Он все еще действителен, глубок, неотрывна увлекателен. В нем не разочаровываешься на другое утро. Он служит поэту примером в большей еще степени, нежели натурой и моделью».
Один юноша недавно сказал мне, что, наверно, Пастернак был мрачным, нелюдимым, да и глубоко несчастным. А я в 1921 году писал о Пастернаке: «Он жив, здоров и современен. В нем ничего нет от осени, от заката и прочих милых, но неутешительных вещей». Год спустя В. Б. Шкловский, встречавшийся с Пастернаком в Берлине, написал: «Счастливый человек. Он никогда не будет озлобленным. Жизнь свою он должен прожить любимым, избалованным и великим».
В 1923 году Маяковский и О. Брик формулировали (на жаргоне эпохи) искания художников: «Маяковский. Опыт полифонического ритма в поэме широкого социально-бытового охвата». «Пастернак. Применение динамического синтаксиса к революционному заданию».
Все это может удивить тех зарубежных читателей, которые узнали о существовании Пастернака только в 1958 году. Им представляется злосчастный человек, вступивший в поединок с историей. На самом деле Пастернак был счастливым, и жил он вне общества не потому, что данное общество ему не подходило, а потому, что, будучи общительным, даже веселым с другими, знал только одного собеседника: самого себя.
В конце 1918 года он восхищался Кремлем:
Несется, грозный, напролом.
Сквозь неистекший в девятнадцатый.
…
За морем этих непогод
Предвижу, как меня, разбитого,
Ненаступивший этот год
Возьмется сызнова воспитывать.
(Пастернак тогда не понимал, что никто на свете не возьмется всерьез его «сызнова воспитывать»)
Позднее, в 1930 году, после самоубийства Маяковского он писал: «…Наше государство, наше ломящееся в века и навсегда принятое в них, небывалое, невозможное государство»; он говорил о кровной связи между этим государством и Маяковским. Он писал восторженные строки все о том же «ломящемся в века» государстве и в 1944 году. Он восхищался со стороны: у каждого, даже самого большого поэта есть не только потолок, но и стены; общество было вне стен того мира, в котором жил Пастернак.

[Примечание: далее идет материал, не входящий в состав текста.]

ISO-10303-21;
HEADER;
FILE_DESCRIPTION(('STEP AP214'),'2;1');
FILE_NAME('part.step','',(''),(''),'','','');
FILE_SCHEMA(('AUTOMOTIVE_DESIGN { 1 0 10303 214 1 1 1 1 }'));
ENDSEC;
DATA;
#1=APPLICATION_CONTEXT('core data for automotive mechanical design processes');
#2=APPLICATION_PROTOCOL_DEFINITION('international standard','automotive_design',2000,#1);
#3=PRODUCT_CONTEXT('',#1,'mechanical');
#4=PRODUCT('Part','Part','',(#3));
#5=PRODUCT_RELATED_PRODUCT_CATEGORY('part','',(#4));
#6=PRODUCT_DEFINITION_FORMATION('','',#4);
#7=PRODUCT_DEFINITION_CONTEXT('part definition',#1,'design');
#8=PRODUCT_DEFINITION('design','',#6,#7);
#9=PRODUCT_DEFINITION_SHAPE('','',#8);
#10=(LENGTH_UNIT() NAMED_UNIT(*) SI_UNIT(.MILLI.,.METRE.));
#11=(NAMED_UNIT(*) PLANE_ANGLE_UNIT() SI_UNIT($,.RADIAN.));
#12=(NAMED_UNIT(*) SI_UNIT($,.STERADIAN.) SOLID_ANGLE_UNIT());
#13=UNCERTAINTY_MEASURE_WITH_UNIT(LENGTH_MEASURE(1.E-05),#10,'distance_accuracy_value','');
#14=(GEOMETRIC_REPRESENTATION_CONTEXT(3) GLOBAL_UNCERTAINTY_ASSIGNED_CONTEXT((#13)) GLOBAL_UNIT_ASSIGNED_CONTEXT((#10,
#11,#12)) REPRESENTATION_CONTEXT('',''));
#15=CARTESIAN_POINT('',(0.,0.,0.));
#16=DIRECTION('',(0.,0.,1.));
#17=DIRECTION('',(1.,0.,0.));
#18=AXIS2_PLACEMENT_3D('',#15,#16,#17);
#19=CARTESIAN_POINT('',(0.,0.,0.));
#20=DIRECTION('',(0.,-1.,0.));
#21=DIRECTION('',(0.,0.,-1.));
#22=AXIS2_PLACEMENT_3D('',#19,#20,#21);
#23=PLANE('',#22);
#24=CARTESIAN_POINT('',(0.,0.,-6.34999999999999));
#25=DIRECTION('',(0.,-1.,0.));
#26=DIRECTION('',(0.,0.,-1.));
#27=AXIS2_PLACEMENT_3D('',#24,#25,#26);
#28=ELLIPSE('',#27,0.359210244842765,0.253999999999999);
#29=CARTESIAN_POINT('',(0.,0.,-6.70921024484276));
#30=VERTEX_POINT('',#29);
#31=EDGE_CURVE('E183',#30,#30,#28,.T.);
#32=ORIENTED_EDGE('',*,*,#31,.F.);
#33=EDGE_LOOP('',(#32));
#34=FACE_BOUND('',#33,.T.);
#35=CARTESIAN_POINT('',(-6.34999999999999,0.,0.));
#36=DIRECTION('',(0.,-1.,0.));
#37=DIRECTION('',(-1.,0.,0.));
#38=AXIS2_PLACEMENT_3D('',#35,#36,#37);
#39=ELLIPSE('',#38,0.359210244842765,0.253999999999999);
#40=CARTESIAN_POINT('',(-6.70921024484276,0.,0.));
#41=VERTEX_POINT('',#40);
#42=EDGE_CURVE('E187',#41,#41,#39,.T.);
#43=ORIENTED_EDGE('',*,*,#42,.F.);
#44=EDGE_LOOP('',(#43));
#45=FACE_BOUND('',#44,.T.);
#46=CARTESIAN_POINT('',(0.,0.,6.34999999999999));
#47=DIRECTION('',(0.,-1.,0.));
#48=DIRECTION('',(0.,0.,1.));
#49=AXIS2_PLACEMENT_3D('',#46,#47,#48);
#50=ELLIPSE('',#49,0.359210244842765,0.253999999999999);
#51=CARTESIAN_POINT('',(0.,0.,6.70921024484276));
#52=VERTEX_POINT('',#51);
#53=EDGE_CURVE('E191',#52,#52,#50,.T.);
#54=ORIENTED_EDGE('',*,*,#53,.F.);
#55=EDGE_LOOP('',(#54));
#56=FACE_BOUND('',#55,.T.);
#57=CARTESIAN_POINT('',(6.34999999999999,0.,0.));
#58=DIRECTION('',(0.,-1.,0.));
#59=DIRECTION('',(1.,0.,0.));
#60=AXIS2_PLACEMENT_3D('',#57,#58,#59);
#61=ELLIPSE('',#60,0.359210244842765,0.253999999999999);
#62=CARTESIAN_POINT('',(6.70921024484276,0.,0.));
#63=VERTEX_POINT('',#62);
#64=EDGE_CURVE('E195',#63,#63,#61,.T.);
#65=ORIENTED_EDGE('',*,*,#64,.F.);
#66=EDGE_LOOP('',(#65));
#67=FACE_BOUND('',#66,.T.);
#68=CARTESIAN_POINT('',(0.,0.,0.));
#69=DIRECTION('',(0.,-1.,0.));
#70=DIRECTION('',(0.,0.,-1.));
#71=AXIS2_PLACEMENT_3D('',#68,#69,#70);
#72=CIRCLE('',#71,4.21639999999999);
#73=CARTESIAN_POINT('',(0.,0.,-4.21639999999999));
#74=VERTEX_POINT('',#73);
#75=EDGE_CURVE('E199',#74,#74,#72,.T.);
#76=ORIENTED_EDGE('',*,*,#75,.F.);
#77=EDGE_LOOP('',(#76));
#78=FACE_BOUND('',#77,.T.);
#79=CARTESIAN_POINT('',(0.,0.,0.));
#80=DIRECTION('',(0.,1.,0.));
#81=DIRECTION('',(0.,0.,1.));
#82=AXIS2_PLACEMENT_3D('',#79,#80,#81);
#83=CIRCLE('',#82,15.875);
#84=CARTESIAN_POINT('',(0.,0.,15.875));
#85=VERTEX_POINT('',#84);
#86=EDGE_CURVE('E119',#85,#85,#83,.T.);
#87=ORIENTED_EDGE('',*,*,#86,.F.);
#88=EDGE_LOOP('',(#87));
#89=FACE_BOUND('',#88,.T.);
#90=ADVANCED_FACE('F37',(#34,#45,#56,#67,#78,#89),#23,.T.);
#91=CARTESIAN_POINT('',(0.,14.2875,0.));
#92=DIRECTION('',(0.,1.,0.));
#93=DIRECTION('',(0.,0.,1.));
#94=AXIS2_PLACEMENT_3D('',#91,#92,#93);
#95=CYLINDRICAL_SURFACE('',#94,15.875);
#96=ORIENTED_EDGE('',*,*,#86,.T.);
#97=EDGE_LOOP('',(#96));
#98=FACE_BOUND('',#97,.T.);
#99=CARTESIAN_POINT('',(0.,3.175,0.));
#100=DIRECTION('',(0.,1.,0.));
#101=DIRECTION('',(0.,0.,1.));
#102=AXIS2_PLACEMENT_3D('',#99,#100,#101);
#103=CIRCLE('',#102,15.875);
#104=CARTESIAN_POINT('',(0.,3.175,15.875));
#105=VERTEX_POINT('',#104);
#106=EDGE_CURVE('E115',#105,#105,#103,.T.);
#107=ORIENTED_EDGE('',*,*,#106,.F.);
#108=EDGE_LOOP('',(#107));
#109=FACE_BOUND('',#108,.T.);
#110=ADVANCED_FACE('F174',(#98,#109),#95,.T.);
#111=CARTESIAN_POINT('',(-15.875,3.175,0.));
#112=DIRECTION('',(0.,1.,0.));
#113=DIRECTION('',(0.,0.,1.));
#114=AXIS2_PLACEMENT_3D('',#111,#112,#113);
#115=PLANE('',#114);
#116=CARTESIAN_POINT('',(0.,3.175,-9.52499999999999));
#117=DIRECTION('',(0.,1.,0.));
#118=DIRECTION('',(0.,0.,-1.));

Шкловский в одном ошибался, когда он писал: «Этот счастливый и большой человек чувствовал среди людей, одетых в пальто, жующих бутерброды у стойки «Дома печати»… тягу истории». Пастернак чувствовал природу, любовь, Гёте, Шекспира, музыку, старую немецкую философию, живописность Венеции, чувствовал себя, некоторых близких ему людей, но никак не историю; он слышал звуки, неуловимые для других, слышал, как бьется сердце и как растет трава, но поступи века не расслышал.
Слово «эгоцентризм» столь часто применяли, что оно стерлось, да и есть в нем уничижительный характер, а другого я не нахожу. Борис Леонидович жил не для себя - эгоистом он никогда не был, но он жил в себе, с собой и собой. Я вспоминаю наши давние встречи - два поезда неслись, каждый по своему пути. Я знал, что Пастернак меня слушает, но не слышит: не может оторваться от своих мыслей, своих чувств, своих ассоциаций. Беседы с ним, даже задушевные, напоминали два монолога.
Мне вспомнился забавный эпизод. Пастернак летом 1935 года был в Париже на Конгрессе в защиту культуры. Группа советских писателей приехала раньше, потом, но просьбе французских писателей, дополнительно приехали Пастернак и Бабель. Пастернак сердился, говорил, что не хотел ехать, не умеет выступать. В короткой речи он сказал, что поэзию незачем искать в небе, нужно уметь нагнуться, поэзия - в траве. Может быть, эти слова, а скорее всего, облик Пастернака поразили аудиторию; ему устроили овацию. Несколько дней спустя он сказал мне, что хотел бы встретиться с некоторыми французскими писателями; мы решили, что пригласим их обедать. Моя жена позвонила Борису Леонидовичу: приходите в такой-то ресторан в час дня.